Although timolol was prescribed most frequently, followed by latanoprost and brimonidine in a US study²⁸⁶ this choice may be governed by cost considerations, government or other institutional restrictions and familiarity by the treating ophthalmologist.³⁰⁶ PGA have at least equivalent if not superior efficacy over timolol and other ocular hypotensive agents, and advantages of once daily application and low risk of well-recognized life-threatening complications of β-blocker therapy such as bronchospasm, cardiac arrythmias, and exacerbation of congestive heart failure. Conjunctival hyperemia, the most common side effect of PGAs tend to be mild and reversible, but commonly encountered (up to 69% in one study with bimatoprost).⁸⁵ Cosmetic side effects such as eyelash growth, peri-ocular skin discoloration and iris pigmentation also occur but to a lesser extent.

The OHTS study documented that 39.7% of glaucoma patients require 2 or more different medications after 5 years of treatment.⁴ Simplifying dose regimen with fixed combinations of 2 ocular hypotensive medications are preferred over concomitant administration.³⁰⁵ Fixed combination PGA with timolol also show superiority to monotherapy of its constituent parts and equivalence to concomitant therapy to its constituent parts. Additional benefits include enhancement of adherence, reduction of medication wash-out effect, and minimization of preservative-toxicity on the ocular surface, although they should not be prescribed for patients with sensitivity to β-blocker therapy.
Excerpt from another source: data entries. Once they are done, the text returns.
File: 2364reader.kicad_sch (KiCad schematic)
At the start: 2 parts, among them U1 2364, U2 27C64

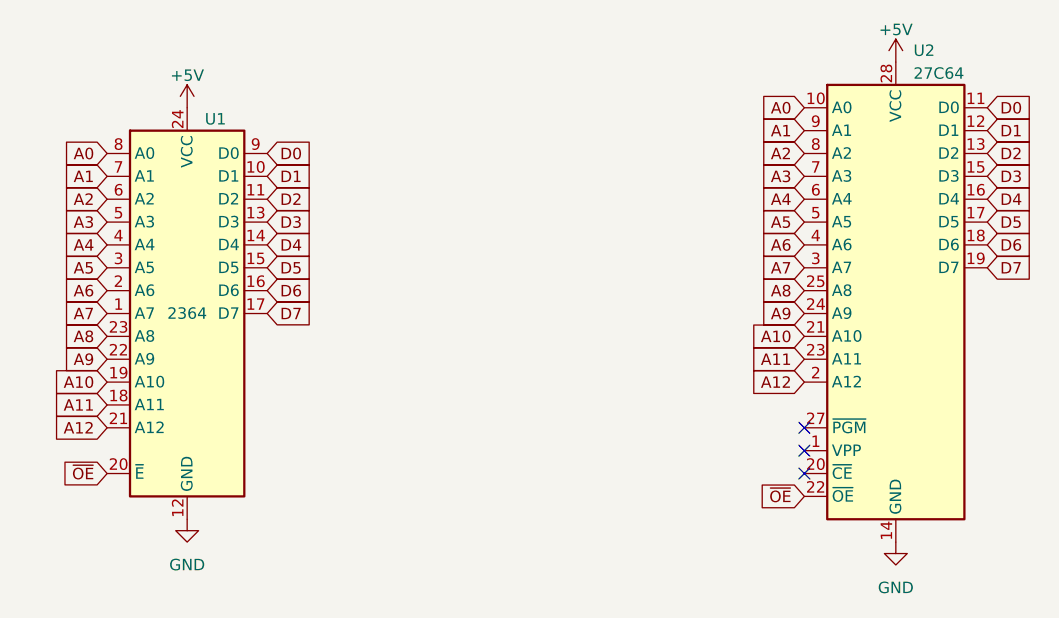
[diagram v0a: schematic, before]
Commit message: adapt to accept 2332
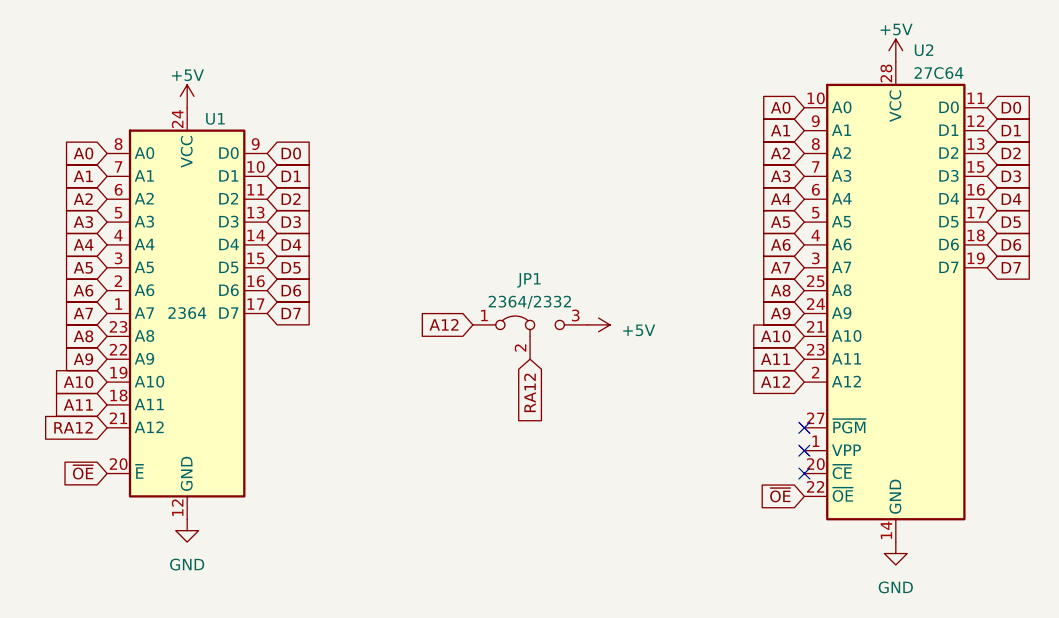
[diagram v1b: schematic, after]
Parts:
- added JP1: 2364/2332, Connector_PinHeader_2.54mm:PinHeader_1x03_P2.54mm_Horizontal, symbol Jumper:Jumper_3_Bridged12
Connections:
- net +5V: now also JP1.3 (B)
- net A12: now also JP1.1 (A); no longer U1.21 (A12)
- new net RA12: JP1.2 (C), U1.21 (A12)
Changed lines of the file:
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@@
     )
   )
-  (global_label "A12" (shape input) (at 86.36 107.95 180) (fields_autoplaced)
-    (effects (font (size 1.27 1.27)) (justify right))
-    (property "Intersheetrefs" "${INTERSHEET_REFS}" (at 81.1561 107.95 0)
+  (global_label "RA12" (shape input) (at 86.36 107.95 180) (fields_autoplaced)
+    (effects (font (size 1.27 1.27)) (justify right))
+    (property "Intersheetrefs" "${INTERSHEET_REFS}" (at 78.6766 107.95 0)
       (effects (font (size 1.27 1.27)) (justify right) hide)
     )
@@
     )
   )
+  (global_label "RA12" (shape input) (at 133.35 100.33 270) (fields_autoplaced)
+    (effects (font (size 1.27 1.27)) (justify right))
+    (property "Intersheetrefs" "${INTERSHEET_REFS}" (at 133.35 108.0134 90)
+      (effects (font (size 1.27 1.27)) (justify right) hide)
+    )
+  )
   (global_label "D1" (shape input) (at 184.15 74.93 0) (fields_autoplaced)
     (effects (font (size 1.27 1.27)) (justify left))
@@
     )
   )
+  (global_label "A12" (shape input) (at 127 96.52 180) (fields_autoplaced)
+    (effects (font (size 1.27 1.27)) (justify right))
+    (property "Intersheetrefs" "${INTERSHEET_REFS}" (at 121.7961 96.52 0)
+      (effects (font (size 1.27 1.27)) (justify right) hide)
+    )
+  )
   (global_label "A7" (shape input) (at 163.83 90.17 180) (fields_autoplaced)
     (effects (font (size 1.27 1.27)) (justify right))
@@
     (property "Intersheetrefs" "${INTERSHEET_REFS}" (at 81.1561 92.71 0)
       (effects (font (size 1.27 1.27)) (justify right) hide)
+    )
+  )
+  (symbol (lib_id "Jumper:Jumper_3_Bridged12") (at 133.35 96.52 0) (unit 1)
+    (in_bom yes) (on_board yes) (dnp no) (fields_autoplaced)
+    (property "Reference" "JP1" (at 133.35 91.44 0)
+      (effects (font (size 1.27 1.27)))
+    )
+    (property "Value" "2364/2332" (at 133.35 93.98 0)
+      (effects (font (size 1.27 1.27)))
+    )
+    (property "Footprint" "Connector_PinHeader_2.54mm:PinHeader_1x03_P2.54mm_Horizontal" (at 133.35 96.52 0)
+      (effects (font (size 1.27 1.27)) hide)
+    )
+    (property "Datasheet" "~" (at 133.35 96.52 0)
+      (effects (font (size 1.27 1.27)) hide)
+    )
+    (pin "1")
+    (pin "2")
+    (pin "3")
+    (instances
+      (project "2364reader"
+        (path "/ce74d7da-00b6-4f07-8114-218744816fcc"
+          (reference "JP1") (unit 1)
+        )
+      )
     )
   )
@@
         )
       )
+    )
+  )
+  (symbol (lib_id "power:+5V") (at 139.7 96.52 270) (unit 1)
+    (in_bom yes) (on_board yes) (dnp no) (fields_autoplaced)
+    (property "Reference" "#PWR05" (at 135.89 96.52 0)
+      (effects (font (size 1.27 1.27)) hide)
+    )
+    (property "Value" "+5V" (at 143.51 97.155 90)
+      (effects (font (size 1.27 1.27)) (justify left))
+    )
+    (property "Footprint" "" (at 139.7 96.52 0)
+      (effects (font (size 1.27 1.27)) hide)
+    )
+    (property "Datasheet" "" (at 139.7 96.52 0)
+      (effects (font (size 1.27 1.27)) hide)
+    )
+    (pin "1")
+    (instances
+      (project "2364reader"
+        (path "/ce74d7da-00b6-4f07-8114-218744816fcc"
+          (reference "#PWR05") (unit 1)
+        )
+      )

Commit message: revise board to fix 2332 problem
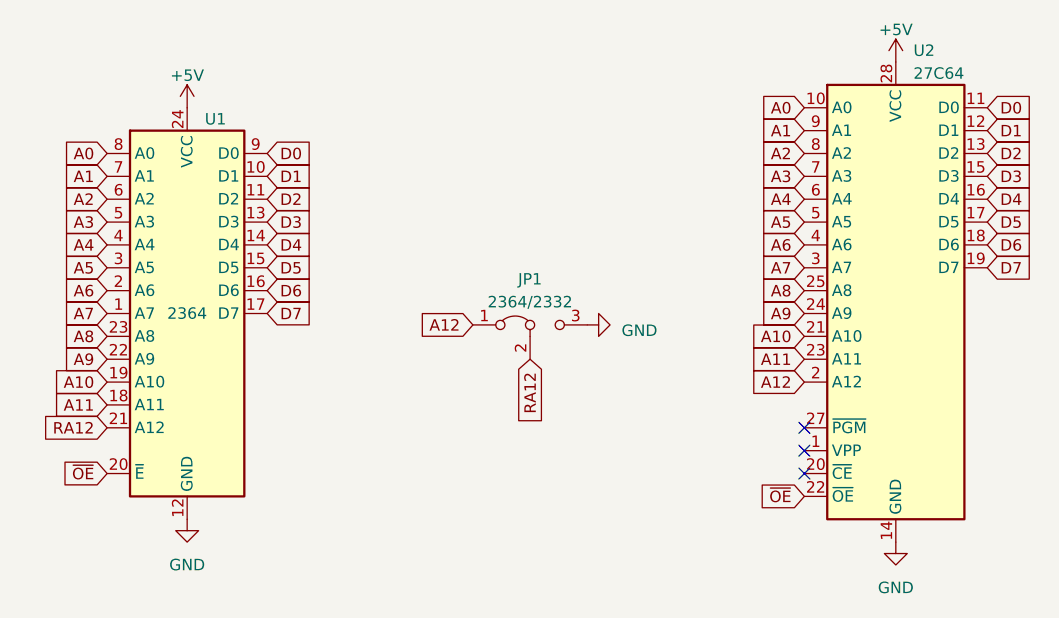
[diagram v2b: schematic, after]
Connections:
- net +5V: no longer JP1.3 (B)
- net GND: now also JP1.3 (B)
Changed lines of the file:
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@@
-    )
-  )
-  (symbol (lib_id "power:+5V") (at 139.7 96.52 270) (unit 1)
-    (in_bom yes) (on_board yes) (dnp no) (fields_autoplaced)
-    (property "Reference" "#PWR05" (at 135.89 96.52 0)
-      (effects (font (size 1.27 1.27)) hide)
-    )
-    (property "Value" "+5V" (at 143.51 97.155 90)
-      (effects (font (size 1.27 1.27)) (justify left))
-    )
-    (property "Footprint" "" (at 139.7 96.52 0)
-      (effects (font (size 1.27 1.27)) hide)
-    )
-    (property "Datasheet" "" (at 139.7 96.52 0)
-      (effects (font (size 1.27 1.27)) hide)
-    )
-    (pin "1")
-    (instances
-      (project "2364reader"
-        (path "/ce74d7da-00b6-4f07-8114-218744816fcc"
-          (reference "#PWR05") (unit 1)
-        )
-      )
     )
   )
@@
         )
       )
+    )
+  )
+  (symbol (lib_id "power:GND") (at 139.7 96.52 90) (unit 1)
+    (in_bom yes) (on_board yes) (dnp no) (fields_autoplaced)
+    (property "Reference" "#PWR05" (at 146.05 96.52 0)
+      (effects (font (size 1.27 1.27)) hide)
+    )
+    (property "Value" "GND" (at 143.51 97.155 90)
+      (effects (font (size 1.27 1.27)) (justify right))
+    )
+    (property "Footprint" "" (at 139.7 96.52 0)
+      (effects (font (size 1.27 1.27)) hide)
+    )
+    (property "Datasheet" "" (at 139.7 96.52 0)
+      (effects (font (size 1.27 1.27)) hide)
+    )
+    (pin "1")
+    (instances
+      (project "2364reader"
+        (path "/ce74d7da-00b6-4f07-8114-218744816fcc"
+          (reference "#PWR05") (unit 1)
+        )
+      )

In summary, PGAs are powerful topical ocular hypotensive agents available in our current OH and glaucoma treatment armamentarium. The three main commercially available agents, latanoprost 0.005%, bimatoprost 0.03%, and travoprost 0.004% may differ in pharmacology, tolerability and efficacy, but only a few meaningful differences consistently demonstrated in studies using rigorous statistical and scientific criteria exist.⁷ All three PGAs work primarily by the same prostanoid FP receptor although controversial. All three have fairly similar and superior effectiveness for IOP reduction than other topical hypotensive agents available. Additionally, 24-hour IOP control is better with PGAs than β-blockers. PGA have near absence of systemic side effects, although do have other commonly encountered side-effects including ocular hyperemia, iris pigmentation, eyelash growth, and peri-ocular pigmentary changes. Once daily administration and near absence of systemic side effects enhances tolerance and compliance. OH and OAG patients require lifelong treatment and follow-up care to halt progression of optic neuropathy, thus preserve remaining visual function and QoL.³⁰⁷

Disclosure

The authors declare no conflicts of interest.